### Exercise
Please give the records below again in full, exactly, with the images left out.

### Records
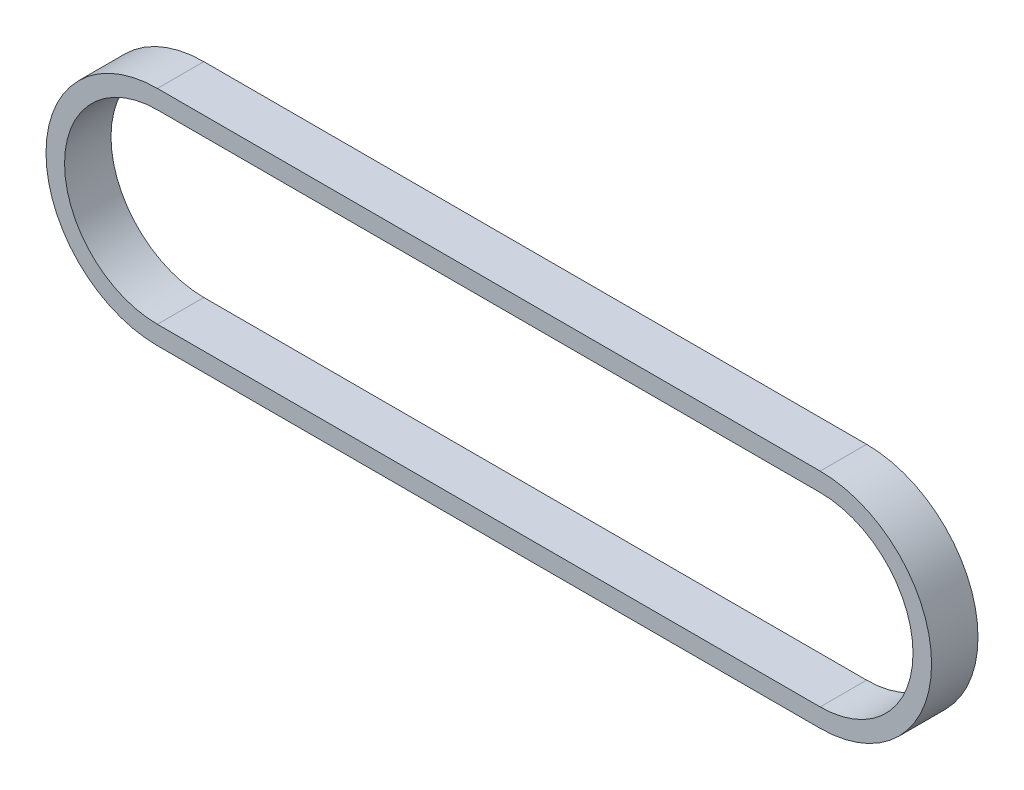
SolidWorks part; units mm, degrees
ref_plane "Front Plane" through (0, 0, 0) normal (0, 0, 1) x (1, 0, 0)
ref_plane "Top Plane" through (0, 0, 0) normal (0, 1, 0) x (1, 0, 0)
ref_plane "Right Plane" through (0, 0, 0) normal (1, 0, 0) x (0, 0, -1)
sketch "Sketch1" plane through (0, 0, 0) normal (0, 0, 1) x (1, 0, 0)
  line L0 (0, 0) -> (90.6615, 0) construction
  line L1 (0, 12.7) -> (90.6615, 12.7)
  line L2 (0, -12.7) -> (90.6615, -12.7)
  line L3 (0, 15.24) -> (90.6615, 15.24)
  line L4 (0, -15.24) -> (90.6615, -15.24)
  arc A0 (0, 12.7) -> (0, -12.7) centre (0, 0) ccw
  arc A1 (90.6615, -12.7) -> (90.6615, 12.7) centre (90.6615, 0) ccw
  arc A2 (90.6615, -15.24) -> (90.6615, 15.24) centre (90.6615, 0) ccw
  arc A3 (0, 15.24) -> (0, -15.24) centre (0, 0) ccw
  point P3 (45.3307, 0)
  dimension "D3" = 12.7
  dimension "D2" = 90.6615
  dimension "D1" = 2.54
extrude "Boss-Extrude1" add sketch "Sketch1" along normal blind 6.35
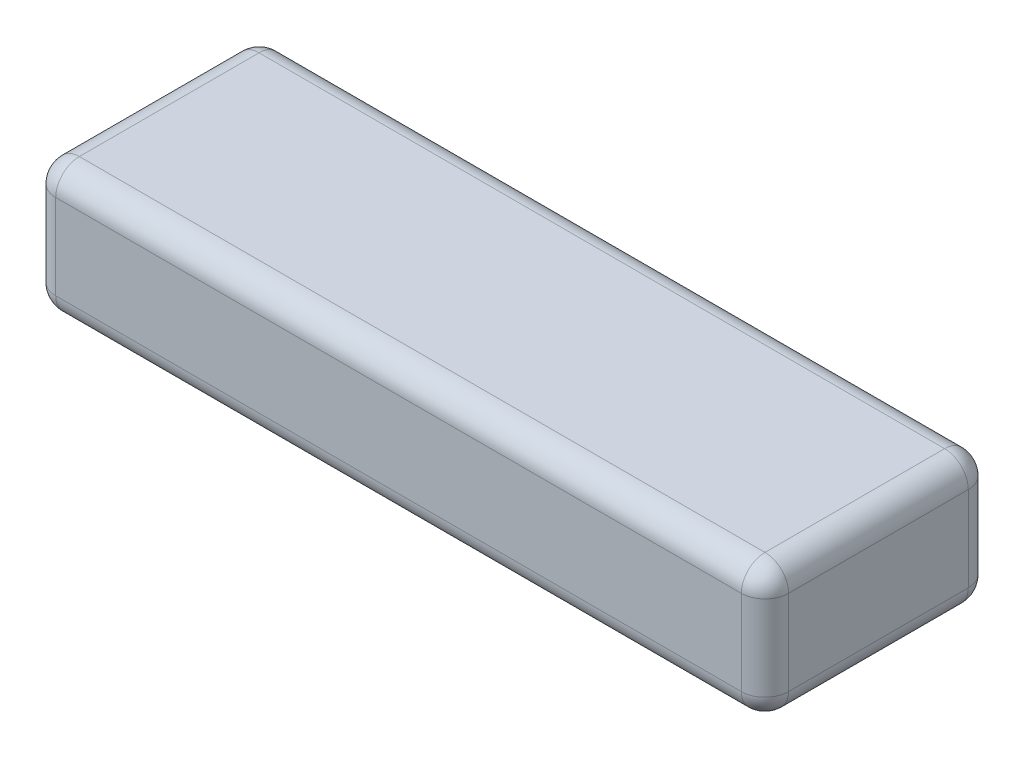
SolidWorks part; units mm, degrees
ref_plane "Ebene vorne" through (0, 0, 0) normal (0, 0, 1) x (1, 0, 0)
ref_plane "Ebene oben" through (0, 0, 0) normal (0, 1, 0) x (1, 0, 0)
ref_plane "Ebene rechts" through (0, 0, 0) normal (1, 0, 0) x (0, 0, -1)
sketch "Skizze1" plane through (0, 0, 0) normal (0, 1, 0) x (1, 0, 0)
  line L1 (0, 0) -> (155, 0)
  line L2 (0, 0) -> (0, 48)
  line L3 (0, 48) -> (155, 48)
  line L4 (155, 0) -> (155, 48)
  dimension "D1" = 155
  dimension "D2" = 48
extrude "Aufsatz-Linear austragen1" add sketch "Skizze1" along normal blind 28
fillet "Verrundung1" radius 5 12 edges at (77.5, 0, 0) (155, 0, -24) (77.5, 0, -48) (0, 0, -24) (0, 14, -48) (0, 14, 0) (155, 14, -48) (155, 14, 0) (155, 28, -24) (77.5, 28, -48) (0, 28, -24) (77.5, 28, 0)
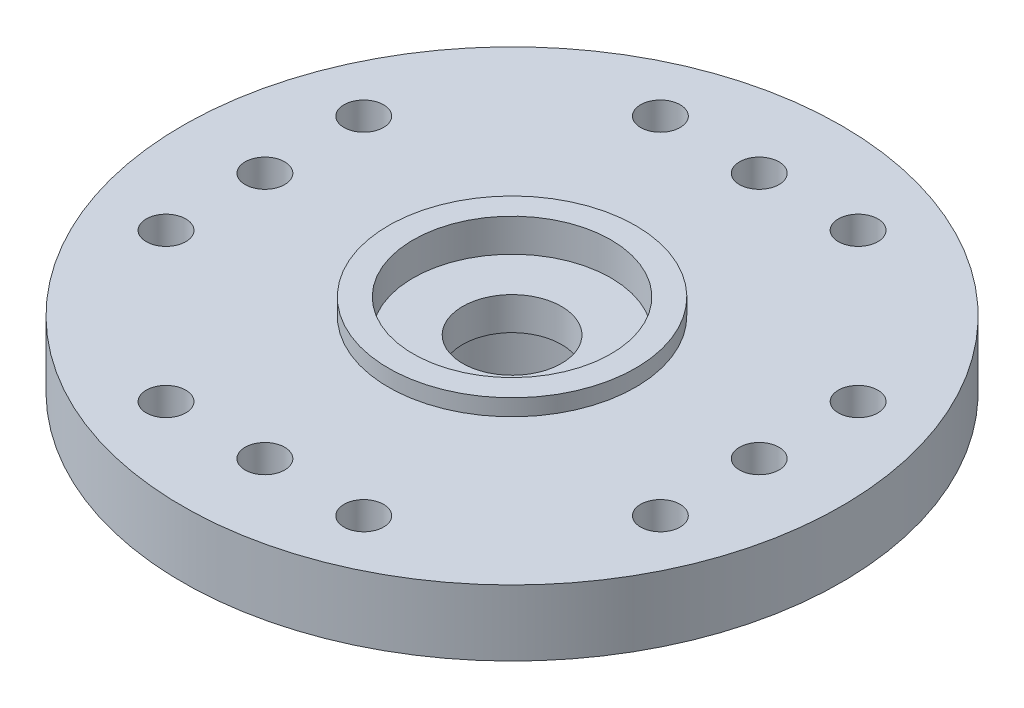
SolidWorks part; units mm, degrees
material "PVC rigide"
ref_plane "Plan de face" through (0, 0, 0) normal (0, 0, 1) x (1, 0, 0)
ref_plane "Plan de dessus" through (0, 0, 0) normal (0, 1, 0) x (1, 0, 0)
ref_plane "Plan de droite" through (0, 0, 0) normal (1, 0, 0) x (0, 0, -1)
sketch "Esquisse1" plane through (0, 0, 0) normal (0, 0, 1) x (1, 0, 0)
  line L0 (0, 0) -> (0, 5) construction
  line L1 (2.75, 0) -> (2.75, 3)
  line L2 (2.75, 3) -> (1.5, 3)
  line L3 (1.5, 3) -> (1.5, 4)
  line L4 (1.5, 4) -> (3, 4)
  line L5 (3, 4) -> (3, 5)
  line L6 (3, 5) -> (3.75, 5)
  line L7 (3.75, 5) -> (3.75, 4.5)
  line L8 (3.75, 4.5) -> (10, 4.5)
  line L9 (10, 4.5) -> (10, 2.5)
  line L10 (10, 2.5) -> (4.5, 2.5)
  line L11 (4.5, 2.5) -> (4.5, 0)
  line L12 (4.5, 0) -> (2.75, 0)
  dimension "D1" = 6
  dimension "D2" = 7.5
  dimension "D3" = 3
  dimension "D4" = 5.5
  dimension "D5" = 9
  dimension "D6" = 20
  dimension "D7" = 0.5
  dimension "D8" = 2
  dimension "D9" = 2.5
  dimension "D10" = 3
  dimension "D11" = 1
revolve "Révolution1" add sketch "Esquisse1" angle 360 about L0
sketch "Sketch1" plane through (0, 4.5, 0) normal (0, 1, 0) x (1, 0, 0)
  line L0 (0, 10) -> (0, -10) construction
  line L1 (-2.592, 7.5) -> (3, 7.5) construction
  circle A0 centre (0, 0) radius 10 construction
  circle A1 centre (0, 7.5) radius 0.6
  circle A2 centre (3, 7.5) radius 0.6
  circle A3 centre (-3, 7.5) radius 0.6
  dimension "D2" = 1.2
  dimension "D4" = 1.2
  dimension "D1" = 2.5
  dimension "D3" = 3
extrude "Cut-Extrude1" cut sketch "Sketch1" against normal up to surface (2 mm away) up to face at (0, 2.5, -10)
pattern_circular "CirPattern1" count 4 every 90 about axis through (0, 0, 0) along (0, 1, 0) of "Cut-Extrude1"

### Exercise solution
SolidWorks part; units mm, degrees
ref_plane "Front Plane" through (0, 0, 0) normal (0, 0, 1) x (1, 0, 0)
ref_plane "Top Plane" through (0, 0, 0) normal (0, 1, 0) x (1, 0, 0)
ref_plane "Right Plane" through (0, 0, 0) normal (1, 0, 0) x (0, 0, -1)
sketch "Sketch1" plane through (0, 0, 0) normal (0, 0, 1) x (1, 0, 0)
  line L0 (0, 0) -> (90.6615, 0) construction
  line L1 (0, 12.7) -> (90.6615, 12.7)
  line L2 (0, -12.7) -> (90.6615, -12.7)
  line L3 (0, 15.24) -> (90.6615, 15.24)
  line L4 (0, -15.24) -> (90.6615, -15.24)
  arc A0 (0, 12.7) -> (0, -12.7) centre (0, 0) ccw
  arc A1 (90.6615, -12.7) -> (90.6615, 12.7) centre (90.6615, 0) ccw
  arc A2 (90.6615, -15.24) -> (90.6615, 15.24) centre (90.6615, 0) ccw
  arc A3 (0, 15.24) -> (0, -15.24) centre (0, 0) ccw
  point P3 (45.3307, 0)
  dimension "D3" = 12.7
  dimension "D2" = 90.6615
  dimension "D1" = 2.54
extrude "Boss-Extrude1" add sketch "Sketch1" along normal blind 6.35
SolidWorks part; units mm, degrees
ref_plane "Ebene vorne" through (0, 0, 0) normal (0, 0, 1) x (1, 0, 0)
ref_plane "Ebene oben" through (0, 0, 0) normal (0, 1, 0) x (1, 0, 0)
ref_plane "Ebene rechts" through (0, 0, 0) normal (1, 0, 0) x (0, 0, -1)
sketch "Skizze1" plane through (0, 0, 0) normal (0, 1, 0) x (1, 0, 0)
  line L1 (0, 0) -> (155, 0)
  line L2 (0, 0) -> (0, 48)
  line L3 (0, 48) -> (155, 48)
  line L4 (155, 0) -> (155, 48)
  dimension "D1" = 155
  dimension "D2" = 48
extrude "Aufsatz-Linear austragen1" add sketch "Skizze1" along normal blind 28
fillet "Verrundung1" radius 5 12 edges at (77.5, 0, 0) (155, 0, -24) (77.5, 0, -48) (0, 0, -24) (0, 14, -48) (0, 14, 0) (155, 14, -48) (155, 14, 0) (155, 28, -24) (77.5, 28, -48) (0, 28, -24) (77.5, 28, 0)
SolidWorks part; units mm, degrees
material "PVC rigide"
ref_plane "Plan de face" through (0, 0, 0) normal (0, 0, 1) x (1, 0, 0)
ref_plane "Plan de dessus" through (0, 0, 0) normal (0, 1, 0) x (1, 0, 0)
ref_plane "Plan de droite" through (0, 0, 0) normal (1, 0, 0) x (0, 0, -1)
sketch "Esquisse1" plane through (0, 0, 0) normal (0, 0, 1) x (1, 0, 0)
  line L0 (0, 0) -> (0, 5) construction
  line L1 (2.75, 0) -> (2.75, 3)
  line L2 (2.75, 3) -> (1.5, 3)
  line L3 (1.5, 3) -> (1.5, 4)
  line L4 (1.5, 4) -> (3, 4)
  line L5 (3, 4) -> (3, 5)
  line L6 (3, 5) -> (3.75, 5)
  line L7 (3.75, 5) -> (3.75, 4.5)
  line L8 (3.75, 4.5) -> (10, 4.5)
  line L9 (10, 4.5) -> (10, 2.5)
  line L10 (10, 2.5) -> (4.5, 2.5)
  line L11 (4.5, 2.5) -> (4.5, 0)
  line L12 (4.5, 0) -> (2.75, 0)
  dimension "D1" = 6
  dimension "D2" = 7.5
  dimension "D3" = 3
  dimension "D4" = 5.5
  dimension "D5" = 9
  dimension "D6" = 20
  dimension "D7" = 0.5
  dimension "D8" = 2
  dimension "D9" = 2.5
  dimension "D10" = 3
  dimension "D11" = 1
revolve "Révolution1" add sketch "Esquisse1" angle 360 about L0
sketch "Sketch1" plane through (0, 4.5, 0) normal (0, 1, 0) x (1, 0, 0)
  line L0 (0, 10) -> (0, -10) construction
  line L1 (-2.592, 7.5) -> (3, 7.5) construction
  circle A0 centre (0, 0) radius 10 construction
  circle A1 centre (0, 7.5) radius 0.6
  circle A2 centre (3, 7.5) radius 0.6
  circle A3 centre (-3, 7.5) radius 0.6
  dimension "D2" = 1.2
  dimension "D4" = 1.2
  dimension "D1" = 2.5
  dimension "D3" = 3
extrude "Cut-Extrude1" cut sketch "Sketch1" against normal up to surface (2 mm away) up to face at (0, 2.5, -10)
pattern_circular "CirPattern1" count 4 every 90 about axis through (0, 0, 0) along (0, 1, 0) of "Cut-Extrude1"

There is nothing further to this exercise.